Two frame based metrics widely used in tracking performance evaluation are center location error, which is defined as the Euclidean distance between the central location of the tracked target and the manually labeled ground-truthed position; bounding box overlap which is the ratio of the areas of the intersection and the union of the bounding box indicating the tracked subject and the ground-truthed bounding box. To measure the overall performance of a tracker on a test sequence, success rate and precision score are adopted. The former is computed as the percentage of image frames, which have a bounding box overlap larger than a given threshold. The latter is the percentage of image frames, which have a central position error less than a given threshold. In each case, when multiple thresholds are used, a curve is drawn to show how success rates or precision scores are affected by different thresholds. These curves are, namely, success plot and precious plot, respectively. In practical evaluations, we average the curves of a tracker over all the sequences, which have the same challenge and show a curve for each challenge item rather than a test sequence. In addition, we use the area under curve (AUC) of the success plot to quantitatively measure the overall performance of a tracker on a challenge item.

5.1. Quantitative Comparison

The overall precision plots and success plots are shown in Figure 2, from which we can see that the proposed method outperforms other methods in terms of the overall precision plots and success plots.

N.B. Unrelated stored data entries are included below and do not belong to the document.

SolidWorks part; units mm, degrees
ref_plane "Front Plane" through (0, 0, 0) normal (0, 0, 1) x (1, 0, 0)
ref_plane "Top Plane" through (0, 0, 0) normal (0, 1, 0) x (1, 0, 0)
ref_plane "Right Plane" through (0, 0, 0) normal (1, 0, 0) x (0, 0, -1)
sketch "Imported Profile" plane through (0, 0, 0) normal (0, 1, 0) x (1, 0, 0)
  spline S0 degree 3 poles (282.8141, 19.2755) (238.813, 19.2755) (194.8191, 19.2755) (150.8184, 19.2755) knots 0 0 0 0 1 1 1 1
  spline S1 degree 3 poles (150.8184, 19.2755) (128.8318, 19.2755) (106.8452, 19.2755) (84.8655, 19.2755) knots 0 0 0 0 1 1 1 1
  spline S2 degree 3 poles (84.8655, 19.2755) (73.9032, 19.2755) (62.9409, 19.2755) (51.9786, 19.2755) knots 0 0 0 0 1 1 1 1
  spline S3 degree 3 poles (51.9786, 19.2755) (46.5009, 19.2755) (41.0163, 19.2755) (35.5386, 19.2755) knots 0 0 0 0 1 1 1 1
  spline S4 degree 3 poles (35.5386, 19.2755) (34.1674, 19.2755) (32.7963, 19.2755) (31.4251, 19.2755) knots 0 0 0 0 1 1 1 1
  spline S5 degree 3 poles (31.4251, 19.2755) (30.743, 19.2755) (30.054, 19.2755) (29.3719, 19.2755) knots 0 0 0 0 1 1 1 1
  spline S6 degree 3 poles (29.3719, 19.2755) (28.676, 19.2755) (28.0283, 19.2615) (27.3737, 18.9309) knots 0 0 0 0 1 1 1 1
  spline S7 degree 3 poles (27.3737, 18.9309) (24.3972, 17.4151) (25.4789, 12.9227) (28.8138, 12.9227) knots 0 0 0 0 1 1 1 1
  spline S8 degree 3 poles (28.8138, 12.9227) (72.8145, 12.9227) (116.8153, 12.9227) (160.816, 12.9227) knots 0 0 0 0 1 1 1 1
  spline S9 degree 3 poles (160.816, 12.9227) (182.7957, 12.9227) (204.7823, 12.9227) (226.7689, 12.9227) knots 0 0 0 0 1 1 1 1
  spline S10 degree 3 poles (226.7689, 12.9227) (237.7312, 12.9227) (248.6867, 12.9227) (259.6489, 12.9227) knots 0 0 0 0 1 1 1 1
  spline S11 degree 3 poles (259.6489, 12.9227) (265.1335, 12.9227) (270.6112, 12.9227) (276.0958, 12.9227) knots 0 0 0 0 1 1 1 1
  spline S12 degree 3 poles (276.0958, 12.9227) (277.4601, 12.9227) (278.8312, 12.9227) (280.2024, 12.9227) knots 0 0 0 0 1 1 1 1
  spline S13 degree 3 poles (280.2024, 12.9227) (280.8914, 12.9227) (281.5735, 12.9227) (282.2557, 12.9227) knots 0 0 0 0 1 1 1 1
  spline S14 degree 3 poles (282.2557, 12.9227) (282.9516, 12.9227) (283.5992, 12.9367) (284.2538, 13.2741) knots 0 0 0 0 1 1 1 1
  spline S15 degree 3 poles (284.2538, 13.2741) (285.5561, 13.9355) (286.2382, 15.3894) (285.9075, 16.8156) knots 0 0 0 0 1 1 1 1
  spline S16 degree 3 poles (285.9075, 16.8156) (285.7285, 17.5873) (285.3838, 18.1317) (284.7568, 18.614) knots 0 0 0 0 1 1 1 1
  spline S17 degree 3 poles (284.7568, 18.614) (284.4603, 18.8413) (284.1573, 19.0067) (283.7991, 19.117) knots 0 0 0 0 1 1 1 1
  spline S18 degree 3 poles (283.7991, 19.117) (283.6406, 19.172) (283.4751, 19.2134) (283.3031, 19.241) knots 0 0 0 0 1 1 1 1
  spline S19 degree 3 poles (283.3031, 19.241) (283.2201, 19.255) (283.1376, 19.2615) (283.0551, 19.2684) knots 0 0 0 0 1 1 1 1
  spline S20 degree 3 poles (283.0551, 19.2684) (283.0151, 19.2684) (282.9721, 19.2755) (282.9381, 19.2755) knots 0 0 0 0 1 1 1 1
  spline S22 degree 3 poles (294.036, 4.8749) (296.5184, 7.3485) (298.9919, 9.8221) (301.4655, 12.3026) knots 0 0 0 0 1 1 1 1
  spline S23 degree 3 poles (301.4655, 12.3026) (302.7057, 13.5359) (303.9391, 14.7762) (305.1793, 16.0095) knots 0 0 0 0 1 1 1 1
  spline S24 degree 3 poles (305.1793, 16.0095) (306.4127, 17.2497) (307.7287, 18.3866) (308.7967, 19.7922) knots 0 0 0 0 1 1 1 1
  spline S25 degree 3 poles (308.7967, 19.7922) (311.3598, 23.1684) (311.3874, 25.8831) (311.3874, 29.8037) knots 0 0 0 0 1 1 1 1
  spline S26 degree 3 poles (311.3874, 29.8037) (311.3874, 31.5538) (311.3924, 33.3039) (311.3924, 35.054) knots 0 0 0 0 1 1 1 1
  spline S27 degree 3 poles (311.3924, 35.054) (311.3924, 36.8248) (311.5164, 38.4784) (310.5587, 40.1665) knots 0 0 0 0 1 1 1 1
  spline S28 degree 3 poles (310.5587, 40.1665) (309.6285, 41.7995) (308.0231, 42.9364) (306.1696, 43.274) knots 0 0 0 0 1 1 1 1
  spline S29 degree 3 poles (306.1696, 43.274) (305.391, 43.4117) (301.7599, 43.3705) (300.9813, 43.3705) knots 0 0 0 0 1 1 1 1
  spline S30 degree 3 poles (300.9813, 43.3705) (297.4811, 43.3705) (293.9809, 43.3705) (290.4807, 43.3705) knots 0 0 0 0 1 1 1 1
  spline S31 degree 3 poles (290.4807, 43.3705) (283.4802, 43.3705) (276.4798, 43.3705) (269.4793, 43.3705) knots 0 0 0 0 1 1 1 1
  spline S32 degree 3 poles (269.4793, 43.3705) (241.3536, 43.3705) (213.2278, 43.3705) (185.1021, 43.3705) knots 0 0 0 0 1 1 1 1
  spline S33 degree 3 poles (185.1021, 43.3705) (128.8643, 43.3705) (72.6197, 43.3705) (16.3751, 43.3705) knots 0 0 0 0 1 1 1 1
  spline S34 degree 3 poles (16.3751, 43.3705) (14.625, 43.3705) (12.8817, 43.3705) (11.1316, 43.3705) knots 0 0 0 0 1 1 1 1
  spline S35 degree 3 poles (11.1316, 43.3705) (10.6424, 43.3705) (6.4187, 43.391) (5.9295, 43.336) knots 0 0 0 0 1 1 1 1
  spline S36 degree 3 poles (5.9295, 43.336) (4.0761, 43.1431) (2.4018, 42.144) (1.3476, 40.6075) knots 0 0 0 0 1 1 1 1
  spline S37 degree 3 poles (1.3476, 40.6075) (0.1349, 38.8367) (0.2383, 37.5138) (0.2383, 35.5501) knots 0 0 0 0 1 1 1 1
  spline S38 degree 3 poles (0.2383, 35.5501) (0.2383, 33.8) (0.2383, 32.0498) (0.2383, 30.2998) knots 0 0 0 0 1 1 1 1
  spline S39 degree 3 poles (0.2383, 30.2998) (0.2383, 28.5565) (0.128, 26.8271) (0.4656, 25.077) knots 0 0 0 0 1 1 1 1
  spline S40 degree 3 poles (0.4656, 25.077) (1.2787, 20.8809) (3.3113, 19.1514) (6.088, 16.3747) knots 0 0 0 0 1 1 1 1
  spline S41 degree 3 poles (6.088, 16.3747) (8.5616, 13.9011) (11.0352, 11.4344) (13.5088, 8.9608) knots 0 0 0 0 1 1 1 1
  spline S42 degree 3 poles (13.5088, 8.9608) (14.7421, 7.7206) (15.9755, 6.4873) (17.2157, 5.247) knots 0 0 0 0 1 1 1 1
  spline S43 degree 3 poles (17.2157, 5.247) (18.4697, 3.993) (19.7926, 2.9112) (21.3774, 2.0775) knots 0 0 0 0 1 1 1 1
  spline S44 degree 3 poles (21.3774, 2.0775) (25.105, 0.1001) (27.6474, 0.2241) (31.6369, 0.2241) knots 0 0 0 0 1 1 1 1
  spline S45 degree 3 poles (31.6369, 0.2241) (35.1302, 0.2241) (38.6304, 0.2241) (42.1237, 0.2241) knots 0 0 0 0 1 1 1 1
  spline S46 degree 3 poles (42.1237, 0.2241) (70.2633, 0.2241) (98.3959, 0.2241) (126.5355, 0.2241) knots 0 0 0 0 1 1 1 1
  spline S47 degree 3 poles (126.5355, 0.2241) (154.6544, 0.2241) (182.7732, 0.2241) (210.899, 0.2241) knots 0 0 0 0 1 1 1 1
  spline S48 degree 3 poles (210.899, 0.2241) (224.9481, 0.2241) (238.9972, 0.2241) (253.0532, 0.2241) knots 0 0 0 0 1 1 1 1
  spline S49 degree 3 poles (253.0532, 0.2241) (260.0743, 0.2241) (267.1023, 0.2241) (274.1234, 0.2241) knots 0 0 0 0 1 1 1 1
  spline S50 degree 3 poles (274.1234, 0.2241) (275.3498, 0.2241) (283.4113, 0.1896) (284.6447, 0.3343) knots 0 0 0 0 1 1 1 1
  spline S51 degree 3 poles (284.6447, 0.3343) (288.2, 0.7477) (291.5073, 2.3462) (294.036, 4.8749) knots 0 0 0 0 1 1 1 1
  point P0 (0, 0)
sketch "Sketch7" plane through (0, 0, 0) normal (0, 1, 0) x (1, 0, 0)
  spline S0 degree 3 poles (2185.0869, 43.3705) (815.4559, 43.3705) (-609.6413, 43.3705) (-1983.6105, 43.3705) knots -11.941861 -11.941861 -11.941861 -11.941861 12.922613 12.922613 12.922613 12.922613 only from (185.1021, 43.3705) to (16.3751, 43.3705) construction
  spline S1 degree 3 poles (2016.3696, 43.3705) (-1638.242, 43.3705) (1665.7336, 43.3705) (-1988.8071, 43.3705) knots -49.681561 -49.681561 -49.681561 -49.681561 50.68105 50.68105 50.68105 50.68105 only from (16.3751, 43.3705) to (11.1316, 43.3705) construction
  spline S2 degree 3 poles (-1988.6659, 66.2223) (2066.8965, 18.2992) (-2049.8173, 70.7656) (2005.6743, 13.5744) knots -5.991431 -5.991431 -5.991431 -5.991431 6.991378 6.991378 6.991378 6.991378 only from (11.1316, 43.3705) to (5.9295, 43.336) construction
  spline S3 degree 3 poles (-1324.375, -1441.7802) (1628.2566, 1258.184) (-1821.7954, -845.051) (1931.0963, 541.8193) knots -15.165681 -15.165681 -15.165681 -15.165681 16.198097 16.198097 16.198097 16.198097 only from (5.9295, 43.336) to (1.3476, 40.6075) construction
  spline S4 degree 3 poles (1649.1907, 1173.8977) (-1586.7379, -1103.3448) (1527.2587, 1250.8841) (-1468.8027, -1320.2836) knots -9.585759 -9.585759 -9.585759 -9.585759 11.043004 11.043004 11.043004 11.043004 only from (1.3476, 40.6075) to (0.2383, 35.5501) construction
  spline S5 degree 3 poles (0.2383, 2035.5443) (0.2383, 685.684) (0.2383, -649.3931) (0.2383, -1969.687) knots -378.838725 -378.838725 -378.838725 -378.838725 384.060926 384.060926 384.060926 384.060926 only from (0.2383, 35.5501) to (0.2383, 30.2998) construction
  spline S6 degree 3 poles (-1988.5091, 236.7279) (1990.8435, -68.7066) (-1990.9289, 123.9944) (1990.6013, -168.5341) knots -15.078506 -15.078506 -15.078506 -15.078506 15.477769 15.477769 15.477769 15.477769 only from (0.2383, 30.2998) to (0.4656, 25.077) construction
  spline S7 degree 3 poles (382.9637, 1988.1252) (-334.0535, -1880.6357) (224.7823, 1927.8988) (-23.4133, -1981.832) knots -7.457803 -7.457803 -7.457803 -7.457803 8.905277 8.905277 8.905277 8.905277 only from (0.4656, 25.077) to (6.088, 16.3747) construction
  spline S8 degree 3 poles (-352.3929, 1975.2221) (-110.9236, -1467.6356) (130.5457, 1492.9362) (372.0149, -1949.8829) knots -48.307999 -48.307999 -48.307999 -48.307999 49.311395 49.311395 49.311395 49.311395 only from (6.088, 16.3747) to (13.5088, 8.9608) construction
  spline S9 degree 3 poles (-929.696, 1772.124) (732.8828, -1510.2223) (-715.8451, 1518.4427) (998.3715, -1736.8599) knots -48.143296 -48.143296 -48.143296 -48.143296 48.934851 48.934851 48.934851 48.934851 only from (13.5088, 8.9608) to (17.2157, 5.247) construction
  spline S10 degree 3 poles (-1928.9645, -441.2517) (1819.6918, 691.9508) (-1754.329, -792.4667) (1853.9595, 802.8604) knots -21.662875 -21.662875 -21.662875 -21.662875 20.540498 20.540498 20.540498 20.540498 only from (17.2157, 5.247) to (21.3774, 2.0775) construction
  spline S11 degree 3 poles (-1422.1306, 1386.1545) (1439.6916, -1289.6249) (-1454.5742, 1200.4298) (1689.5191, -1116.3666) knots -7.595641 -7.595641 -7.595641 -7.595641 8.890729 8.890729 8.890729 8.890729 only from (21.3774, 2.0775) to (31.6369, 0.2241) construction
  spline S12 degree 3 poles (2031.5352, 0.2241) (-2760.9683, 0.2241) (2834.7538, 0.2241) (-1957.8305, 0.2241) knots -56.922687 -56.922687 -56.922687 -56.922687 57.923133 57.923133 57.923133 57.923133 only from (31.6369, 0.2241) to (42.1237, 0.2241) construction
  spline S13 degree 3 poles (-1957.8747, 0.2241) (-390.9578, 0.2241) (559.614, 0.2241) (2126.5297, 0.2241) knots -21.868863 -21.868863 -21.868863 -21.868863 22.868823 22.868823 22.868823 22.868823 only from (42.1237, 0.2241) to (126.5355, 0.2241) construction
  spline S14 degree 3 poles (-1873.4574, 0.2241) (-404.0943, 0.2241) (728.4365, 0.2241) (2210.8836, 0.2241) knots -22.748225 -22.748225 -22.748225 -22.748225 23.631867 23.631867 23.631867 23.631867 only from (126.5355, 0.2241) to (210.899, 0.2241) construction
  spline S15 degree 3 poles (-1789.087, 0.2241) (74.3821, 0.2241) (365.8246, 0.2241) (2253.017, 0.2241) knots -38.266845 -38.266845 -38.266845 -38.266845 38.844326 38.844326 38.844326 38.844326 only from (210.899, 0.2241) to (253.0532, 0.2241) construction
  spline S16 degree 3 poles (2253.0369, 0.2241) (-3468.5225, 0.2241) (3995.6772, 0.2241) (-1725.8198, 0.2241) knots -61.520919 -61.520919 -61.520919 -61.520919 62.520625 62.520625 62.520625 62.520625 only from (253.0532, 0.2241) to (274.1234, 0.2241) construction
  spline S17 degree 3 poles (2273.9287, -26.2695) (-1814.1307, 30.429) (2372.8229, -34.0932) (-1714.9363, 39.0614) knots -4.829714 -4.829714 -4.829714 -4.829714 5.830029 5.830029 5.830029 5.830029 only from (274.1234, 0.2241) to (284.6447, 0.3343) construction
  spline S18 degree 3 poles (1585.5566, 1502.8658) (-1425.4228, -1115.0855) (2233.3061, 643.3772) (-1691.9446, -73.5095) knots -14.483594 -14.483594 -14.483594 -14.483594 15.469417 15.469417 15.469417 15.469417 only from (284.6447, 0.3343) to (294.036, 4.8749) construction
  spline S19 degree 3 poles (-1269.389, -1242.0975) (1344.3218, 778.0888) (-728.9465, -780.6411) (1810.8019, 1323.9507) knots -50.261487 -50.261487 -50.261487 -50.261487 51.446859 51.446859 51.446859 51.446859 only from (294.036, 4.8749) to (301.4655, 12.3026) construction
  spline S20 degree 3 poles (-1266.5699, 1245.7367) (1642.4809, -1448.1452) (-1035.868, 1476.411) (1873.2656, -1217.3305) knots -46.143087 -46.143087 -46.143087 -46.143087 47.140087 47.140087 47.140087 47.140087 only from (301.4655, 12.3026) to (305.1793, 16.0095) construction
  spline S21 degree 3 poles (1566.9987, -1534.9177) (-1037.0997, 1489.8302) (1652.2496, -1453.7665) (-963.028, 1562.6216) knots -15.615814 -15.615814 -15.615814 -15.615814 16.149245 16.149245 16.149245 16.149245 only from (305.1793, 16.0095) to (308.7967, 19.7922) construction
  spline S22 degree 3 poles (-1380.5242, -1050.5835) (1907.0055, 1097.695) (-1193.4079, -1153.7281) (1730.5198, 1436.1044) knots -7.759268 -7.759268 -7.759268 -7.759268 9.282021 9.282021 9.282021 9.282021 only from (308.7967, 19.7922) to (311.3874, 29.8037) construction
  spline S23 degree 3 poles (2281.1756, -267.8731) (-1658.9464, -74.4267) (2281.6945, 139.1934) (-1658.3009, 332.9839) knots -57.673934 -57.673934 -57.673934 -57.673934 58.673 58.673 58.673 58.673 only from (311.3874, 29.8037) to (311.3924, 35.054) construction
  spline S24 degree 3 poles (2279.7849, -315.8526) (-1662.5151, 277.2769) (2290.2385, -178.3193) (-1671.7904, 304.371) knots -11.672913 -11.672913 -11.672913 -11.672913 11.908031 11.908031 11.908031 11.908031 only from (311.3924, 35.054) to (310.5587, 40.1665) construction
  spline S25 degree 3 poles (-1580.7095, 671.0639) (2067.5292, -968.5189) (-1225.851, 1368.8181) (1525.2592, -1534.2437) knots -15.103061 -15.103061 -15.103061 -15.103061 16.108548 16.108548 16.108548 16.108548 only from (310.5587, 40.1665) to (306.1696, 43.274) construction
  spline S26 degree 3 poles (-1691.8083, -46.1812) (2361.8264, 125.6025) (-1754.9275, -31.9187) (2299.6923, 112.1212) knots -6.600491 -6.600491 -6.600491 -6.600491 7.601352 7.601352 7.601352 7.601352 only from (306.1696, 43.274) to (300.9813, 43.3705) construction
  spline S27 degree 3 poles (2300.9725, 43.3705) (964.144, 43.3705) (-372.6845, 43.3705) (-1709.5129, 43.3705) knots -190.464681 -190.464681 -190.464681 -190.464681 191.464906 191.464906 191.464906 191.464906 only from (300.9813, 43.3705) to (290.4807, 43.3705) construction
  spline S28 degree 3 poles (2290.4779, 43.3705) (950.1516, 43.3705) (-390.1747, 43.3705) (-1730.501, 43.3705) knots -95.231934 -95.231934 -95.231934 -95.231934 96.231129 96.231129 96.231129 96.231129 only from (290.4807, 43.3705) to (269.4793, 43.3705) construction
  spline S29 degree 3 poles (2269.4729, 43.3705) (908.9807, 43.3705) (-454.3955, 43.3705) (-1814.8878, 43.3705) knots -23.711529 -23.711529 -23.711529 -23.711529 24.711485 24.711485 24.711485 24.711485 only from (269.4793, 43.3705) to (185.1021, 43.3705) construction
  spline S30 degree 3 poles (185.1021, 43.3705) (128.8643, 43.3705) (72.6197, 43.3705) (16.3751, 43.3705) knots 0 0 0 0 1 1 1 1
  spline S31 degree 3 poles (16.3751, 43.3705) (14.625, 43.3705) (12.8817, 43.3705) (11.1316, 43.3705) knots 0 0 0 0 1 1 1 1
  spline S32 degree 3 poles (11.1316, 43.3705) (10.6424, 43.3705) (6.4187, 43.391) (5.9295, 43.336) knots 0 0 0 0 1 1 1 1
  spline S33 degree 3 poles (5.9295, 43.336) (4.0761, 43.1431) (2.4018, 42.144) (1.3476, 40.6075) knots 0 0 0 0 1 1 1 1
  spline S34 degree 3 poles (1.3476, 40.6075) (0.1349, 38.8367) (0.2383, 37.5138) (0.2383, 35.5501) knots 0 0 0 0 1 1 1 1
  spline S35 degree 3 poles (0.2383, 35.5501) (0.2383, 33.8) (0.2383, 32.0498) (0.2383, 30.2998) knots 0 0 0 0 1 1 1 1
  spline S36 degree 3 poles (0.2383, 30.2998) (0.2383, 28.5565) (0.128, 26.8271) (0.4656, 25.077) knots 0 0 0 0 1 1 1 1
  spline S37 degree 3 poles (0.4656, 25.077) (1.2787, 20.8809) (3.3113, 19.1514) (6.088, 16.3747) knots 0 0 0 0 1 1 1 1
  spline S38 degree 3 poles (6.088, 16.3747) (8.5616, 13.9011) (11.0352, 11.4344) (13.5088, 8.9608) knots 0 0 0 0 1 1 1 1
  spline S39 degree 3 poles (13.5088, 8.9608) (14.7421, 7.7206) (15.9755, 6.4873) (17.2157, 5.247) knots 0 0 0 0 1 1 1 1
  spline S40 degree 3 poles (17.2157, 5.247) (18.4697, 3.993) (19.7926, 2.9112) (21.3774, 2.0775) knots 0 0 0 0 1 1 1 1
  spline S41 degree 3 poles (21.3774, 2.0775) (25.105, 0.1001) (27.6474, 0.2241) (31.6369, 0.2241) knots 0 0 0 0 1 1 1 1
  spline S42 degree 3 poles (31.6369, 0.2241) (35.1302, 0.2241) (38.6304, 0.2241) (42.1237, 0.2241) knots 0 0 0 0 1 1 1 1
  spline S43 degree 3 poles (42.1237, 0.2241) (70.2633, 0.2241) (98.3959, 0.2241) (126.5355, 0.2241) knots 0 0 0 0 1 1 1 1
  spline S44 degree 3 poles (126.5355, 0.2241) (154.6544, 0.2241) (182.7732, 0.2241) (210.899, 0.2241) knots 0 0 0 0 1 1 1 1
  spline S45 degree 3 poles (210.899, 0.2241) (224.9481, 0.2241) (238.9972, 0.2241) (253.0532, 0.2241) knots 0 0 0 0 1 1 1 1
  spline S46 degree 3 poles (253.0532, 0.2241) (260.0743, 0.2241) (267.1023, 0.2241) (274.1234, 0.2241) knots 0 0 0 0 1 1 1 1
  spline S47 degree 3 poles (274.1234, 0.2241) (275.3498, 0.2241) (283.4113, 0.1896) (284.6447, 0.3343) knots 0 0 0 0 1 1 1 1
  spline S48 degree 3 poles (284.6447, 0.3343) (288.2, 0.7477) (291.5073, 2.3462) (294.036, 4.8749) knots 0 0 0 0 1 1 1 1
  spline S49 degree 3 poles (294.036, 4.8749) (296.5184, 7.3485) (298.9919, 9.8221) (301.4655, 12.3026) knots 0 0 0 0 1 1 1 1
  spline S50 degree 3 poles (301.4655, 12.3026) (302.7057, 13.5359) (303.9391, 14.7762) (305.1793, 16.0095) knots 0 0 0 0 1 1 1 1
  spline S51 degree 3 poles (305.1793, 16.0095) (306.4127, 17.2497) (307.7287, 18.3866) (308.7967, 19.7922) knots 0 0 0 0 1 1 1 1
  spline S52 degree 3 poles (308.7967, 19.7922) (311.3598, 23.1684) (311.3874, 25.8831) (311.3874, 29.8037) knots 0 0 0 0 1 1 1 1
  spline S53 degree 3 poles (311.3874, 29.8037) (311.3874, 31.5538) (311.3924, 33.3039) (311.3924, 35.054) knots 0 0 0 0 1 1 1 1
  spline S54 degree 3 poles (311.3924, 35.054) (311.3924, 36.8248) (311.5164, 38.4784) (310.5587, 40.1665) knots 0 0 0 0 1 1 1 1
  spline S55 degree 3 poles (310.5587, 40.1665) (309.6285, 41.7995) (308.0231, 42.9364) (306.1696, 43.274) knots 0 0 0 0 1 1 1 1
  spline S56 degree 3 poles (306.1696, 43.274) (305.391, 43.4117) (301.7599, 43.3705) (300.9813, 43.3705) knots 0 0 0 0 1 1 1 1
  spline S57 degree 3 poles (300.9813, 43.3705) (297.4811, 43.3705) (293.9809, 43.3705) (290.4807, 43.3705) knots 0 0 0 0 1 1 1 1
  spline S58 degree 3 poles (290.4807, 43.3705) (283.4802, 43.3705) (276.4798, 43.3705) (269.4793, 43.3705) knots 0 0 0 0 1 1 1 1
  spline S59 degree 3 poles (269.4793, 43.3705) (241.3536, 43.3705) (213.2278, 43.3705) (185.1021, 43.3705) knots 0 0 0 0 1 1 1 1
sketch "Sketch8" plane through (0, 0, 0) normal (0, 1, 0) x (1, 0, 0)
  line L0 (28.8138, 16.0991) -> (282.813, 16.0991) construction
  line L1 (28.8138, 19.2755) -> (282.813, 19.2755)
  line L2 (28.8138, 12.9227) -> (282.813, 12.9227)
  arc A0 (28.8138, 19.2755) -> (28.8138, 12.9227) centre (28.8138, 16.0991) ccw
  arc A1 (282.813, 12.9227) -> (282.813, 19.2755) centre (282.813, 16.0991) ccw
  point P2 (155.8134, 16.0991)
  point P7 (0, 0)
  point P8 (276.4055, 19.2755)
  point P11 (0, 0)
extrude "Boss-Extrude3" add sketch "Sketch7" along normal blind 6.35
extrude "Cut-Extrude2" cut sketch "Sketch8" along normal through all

5.2. Qualitative Comparison

To further show the superiority of the proposed method, we show several examples of tracking results on Figures 3 and 4. As we can see from Figure 3, the proposed tracker outperforms other trackers on several representative frames on two sequences. More tracking results are shown in Figure 4, from which we can see that the proposed tracker also achieves the best tracking performance.

6. Conclusion

In this paper, we propose to use compressed features to model the tracked target’s appearance and then use SVM to perform tracking. The experimental results indicate the proposed method outperforms several state-of-the-art methods. The advantages of the proposed method are twofold: It is good at handling scale changes of the target over time because the used features are obtained by multiscale wavelet transformation. The speed of the proposed method can achieve real-time because the dimensionality of the used features was reduced by compressed sensing techniques.

Data Availability

The data used to support the findings of this study are available from the corresponding author upon request.

Conflicts of Interest

The authors declare that there are no conflicts of interest regarding the publication of this paper.

Acknowledgments

The research is supported by Project of Shandong Province Higher Educational Science and Technology Program (no. J14LN64).